Paper AS-TuA3
Probing Insect Tissue by NEXAFS Imaging: A Chemical Characterization of Cuticle from an African Flower Scarab (Eudicella gralli)

Tuesday, November 1, 2011, 2:40 pm, Room 102

Insect cuticle is a matrix of structural proteins and long chain polymers of chitin. The chemical composition of the cuticle is dictated by the biomechanics of the insect. Regions of the exoskeleton where extra stiffness is required - this matrix become mineralized and form scalarites.

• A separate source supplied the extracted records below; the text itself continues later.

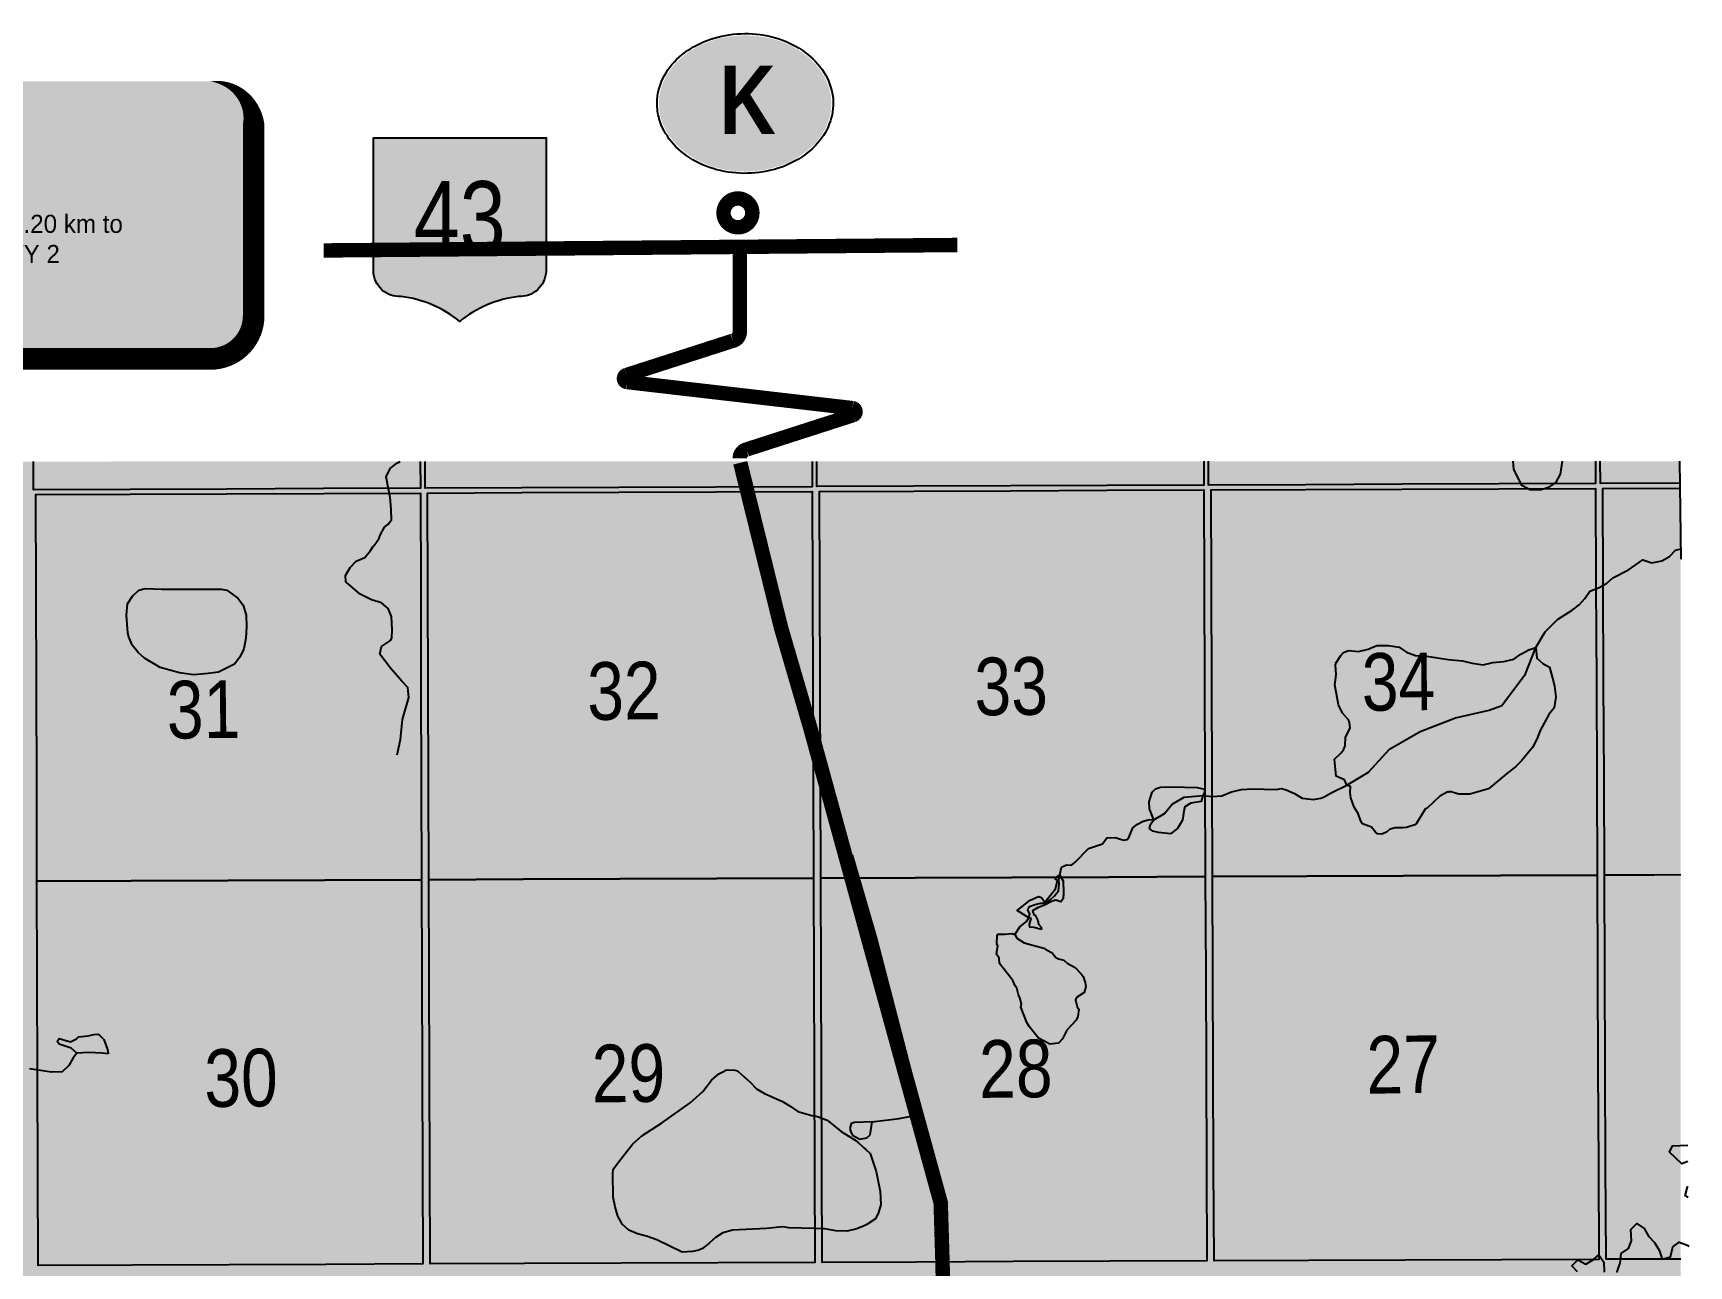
# Model space of a CAD drawing. Extents: x 399452 to 415540, y 6060435 to 6067869.
# Drawn here: x 410552 to 410781.1, y 6063625 to 6063795.6 of the extents above; entities that cross this region are included whole.
import ezdxf
from ezdxf.enums import TextEntityAlignment as Align

# ---------------------------------------------------------------- set-up
doc = ezdxf.new("R2018")
doc.units = 0
doc.header["$LTSCALE"] = 5
doc.linetypes.add('DASHED2', pattern=[9.524999999999999, 6.35, -3.175])
for name, color, linetype in [('AUX-LABELS', 1, 'Continuous'), ('Quarters', 8, 'Continuous'), ('RoadSeg', 57, 'DASHED2'), ('ROUTE-MAP-HWY', 2, 'Continuous'), ('ROUTE-MAP-ROUTE', 90, 'Continuous'), ('T-WATER', 160, 'Continuous')]:
    doc.layers.add(name, color=color, linetype=linetype)
doc.layers.add('ROUTE-MAP-BACKGROUND-H', color=7, linetype='Continuous', true_color=0xf0ebff)
doc.styles.add('120', font='ARIALN.TTF', dxfattribs={"height": 13})
doc.styles.add('80V', font='ARIALN.TTF', dxfattribs={"oblique": 20.00000000000001, "height": 2})
doc.styles.add('BOLD', font='ARIALNB.TTF')
doc.styles.get("Standard").update_dxf_attribs({"font": 'ARIALN.TTF'})

# ---------------------------------------------------------------- blocks, each defined once
blk = doc.blocks.new('blk_hwy')
h = blk.add_hatch(color=255)
edge = h.paths.add_edge_path()
edge.add_line((-2.394374808926841, -1.502976880546157), (-2.394374808926841, 2.202342593445064))
edge.add_line((-2.394374808926841, 2.20234259344511), (2.394374808927205, 2.20234259344511))
edge.add_line((2.394374808927296, 2.20234259344511), (2.394374808927296, -1.502976881036147))
edge.add_arc((1.666099989399299, -1.474485957415936), 0.7288319048222823, 267.0356154126261, 357.75966761743825, ccw=False)
edge.add_arc((1.99488852761624, -5.339863340062493), 3.158851719708902, 96.66228240425568, 129.1626000068807)
edge.add_arc((-1.994888527615785, -5.339863340062493), 3.158851719708945, 50.83739999311933, 83.33771759574431)
edge.add_arc((-1.666099989399299, -1.474485957415936), 0.7288319048221756, 182.2403323825618, 272.9643845873739, ccw=False)
at = {"color": 0}
blk.add_lwpolyline([(-2.394374808926841, -1.502976880546157), (-2.394374808926841, 2.20234259344511), (2.394374808927296, 2.20234259344511), (2.394374808927296, -1.502976881036147, -0.4179197440755494), (1.628408307617519, -2.202342593444655, 0.1427676877764801), (0, -2.890625918028036, 0.14276768777648), (-1.628408307617065, -2.202342593444655, -0.4179197440755494), (-2.394374808926841, -1.502976881036147)], format="xyb", dxfattribs=at)
at = {"color": 0, "style": '80V', "flags": 8}
blk.add_attdef('HWY', text='', height=2, dxfattribs=at).set_placement((0, 2.273736754432321e-13), align=Align.MIDDLE_CENTER)
blk = doc.blocks.new('Route_Letters')
h = blk.add_hatch(color=255)
h.dxf.hatch_style = 1
edge = h.paths.add_edge_path()
edge.add_ellipse((-0.1157894458410738, 0.4613566920343146), major_axis=(-11.97076998434568, 0), ratio=0.7893183596304154, start_angle=0, end_angle=360)
at = {"color": 5}
blk.add_open_spline([(-12.33655943018675, 0.4613566920343146), (-12.33655943018675, -0.2532464993360009), (-12.23672518590233, -0.9677931526398424), (-11.72036895808735, -2.794432021264129), (-11.14401292605423, -3.876097565685541), (-9.555849561598535, -5.807401851071518), (-8.544623700464413, -6.656820361784867), (-6.21596457351788, -8.022113447135325), (-4.899049775256096, -8.537760803084893), (-2.122176535806801, -9.174386990092444), (-0.6628771213698172, -9.295214858498184), (2.218954779224788, -9.127674344176285), (3.640784492301457, -8.839348048302782), (6.272126017131285, -7.887514385069608), (7.481034580889556, -7.224212060947593), (9.535358213378885, -5.601016495574186), (10.3802780923747, -4.641330355992523), (11.59600670082856, -2.541685487432915), (11.96612490732484, -1.402103837423965), (12.17886415585979, 0.9104078185255275), (12.02123591095139, 2.082179640400227), (11.20064181026172, 4.303585446448778), (10.5383689962933, 5.352522903113822), (8.798522977227321, 7.197351090485427), (7.721489072871556, 7.99304231447195), (5.288539217681929, 9.236688050055363), (3.933164970535742, 9.684414527986064), (1.111124811045386, 10.17900240193921), (-0.3548635231799864, 10.22574343079759), (-3.217505067184455, 9.912616018949848), (-4.613463658471581, 9.552825466795184), (-7.1634954560528, 8.469123124385078), (-8.316993040230393, 7.745430762089654), (-10.23715115095241, 6.01981546320485), (-11.00330637446014, 5.018090733601184), (-12.04705536703857, 2.858875975647607), (-12.32393425272861, 1.701887560081104), (-12.33641722927742, 0.5154205370004092), (-12.33655943018675, 0.4883886145194083), (-12.33655943018675, 0.4613566920343146)], degree=3, knots=[0, 0, 0, 0, 0.2195294159612001, 0.2195294159612001, 0.575726566502957, 0.575726566502957, 0.9319237170447137, 0.9319237170447137, 1.28812086758647, 1.28812086758647, 1.644318018128227, 1.644318018128227, 2.000515168669984, 2.000515168669984, 2.356712319211741, 2.356712319211741, 2.712909469753497, 2.712909469753497, 3.069106620295254, 3.069106620295254, 3.425303770837011, 3.425303770837011, 3.781500921378767, 3.781500921378767, 4.137698071920524, 4.137698071920524, 4.493895222462281, 4.493895222462281, 4.850092373004038, 4.850092373004038, 5.206289523545794, 5.206289523545794, 5.562486674087551, 5.562486674087551, 5.918683824629308, 5.918683824629308, 6.274880975171064, 6.274880975171064, 6.283185307179586, 6.283185307179586, 6.283185307179586, 6.283185307179586], dxfattribs=at)
at = {"color": 14, "style": 'BOLD'}
blk.add_attdef('A', text='', height=9.5, dxfattribs=at).set_placement((0.2246285344645003, 0.9755069406892289), align=Align.MIDDLE)
blk = doc.blocks.new('AA')
at = {"const_width": 4}
blk.add_lwpolyline([(-0.9999999999990905, 0, 0.9999999999999999), (0.9999999999990905, 0, 1)], format="xyb", close=True, dxfattribs=at)
blk.add_circle((0, 0), 2)
blk = doc.blocks.new('*U227')
h = blk.add_hatch(color=255)
edge = h.paths.add_edge_path()
edge.add_line((-31.49999999999998, -20), (31.49999999999998, -20))
edge.add_arc((31.49999999999999, -13.99999999999999), 6.000000000000007, 269.9999999999999, 359.9999999999999)
edge.add_line((37.49999999999999, -14), (37.49999999999999, 12.5))
edge.add_arc((31.49999999999999, 12.49999999999999), 6.000000000000007, 6.785183320455494e-14, 90.00000000000007)
edge.add_line((31.49999999999998, 18.5), (-31.49999999999998, 18.5))
edge.add_arc((-31.49999999999999, 12.49999999999999), 6.000000000000007, 89.99999999999993, 179.9999999999999)
edge.add_line((-37.49999999999999, 12.5), (-37.49999999999999, -14))
edge.add_arc((-31.49999999999999, -13.99999999999999), 6.000000000000007, 180, 270.0000000000001)
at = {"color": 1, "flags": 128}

Elastic portions of the cuticle are rich with pliable structural proteins. While engineers have set out to copy these biomineralization processes and design materials that mimic the extraordinary structural capabilities of these exoskeletons – a complete understanding of the structure of this chitin/protein/mineral matrix does not currently exist. In this study, we set out to spatially resolve the chemistry, at the cuticle surface, of an African Flower Scarab (Eudicella gralli) by near edge x-ray adsorption fine structure (NEXAFS) imaging. The NEXAFS images are produced by a new parallel process magnetic field electron yield optics detector, and a full field incident soft X-ray beam on the sample. The rapid parallel process magnetic field electron yield optics detector (LARIAT:Large Area Imaging Analytical Tool) produces a series of two-dimensional NEXAFS spatial images as the incident soft X-ray energy is scanned above a K or L absorption edge. A spatially resolved view of cuticle surface chemistry was created by mapping spectral features within the carbon (270-370 eV), nitrogen (380-430 eV), and oxygen (520-580 eV) K-edge spectra. Distributions of protein and chitin rich regions around the beetle were defined by changes in intensity of π*(284.5 eV) and C-H* (290 eV) within the C K-edge spectra. Regions of high mineralization were observed around the edges of the beetle’s head and were assigned by tracking the intensities of the calcium (330-360 eV) and iron (700-740 eV) L-edges. These images also showcase the strengths of NEXAFS imaging, which unlike other photoelectron spectroscopy modalities, allowed us to collect high quality spectra over a large field of view (12 mm x 18 mm ) at a range of x-ray incidence angles, with little beam damage to the tissue.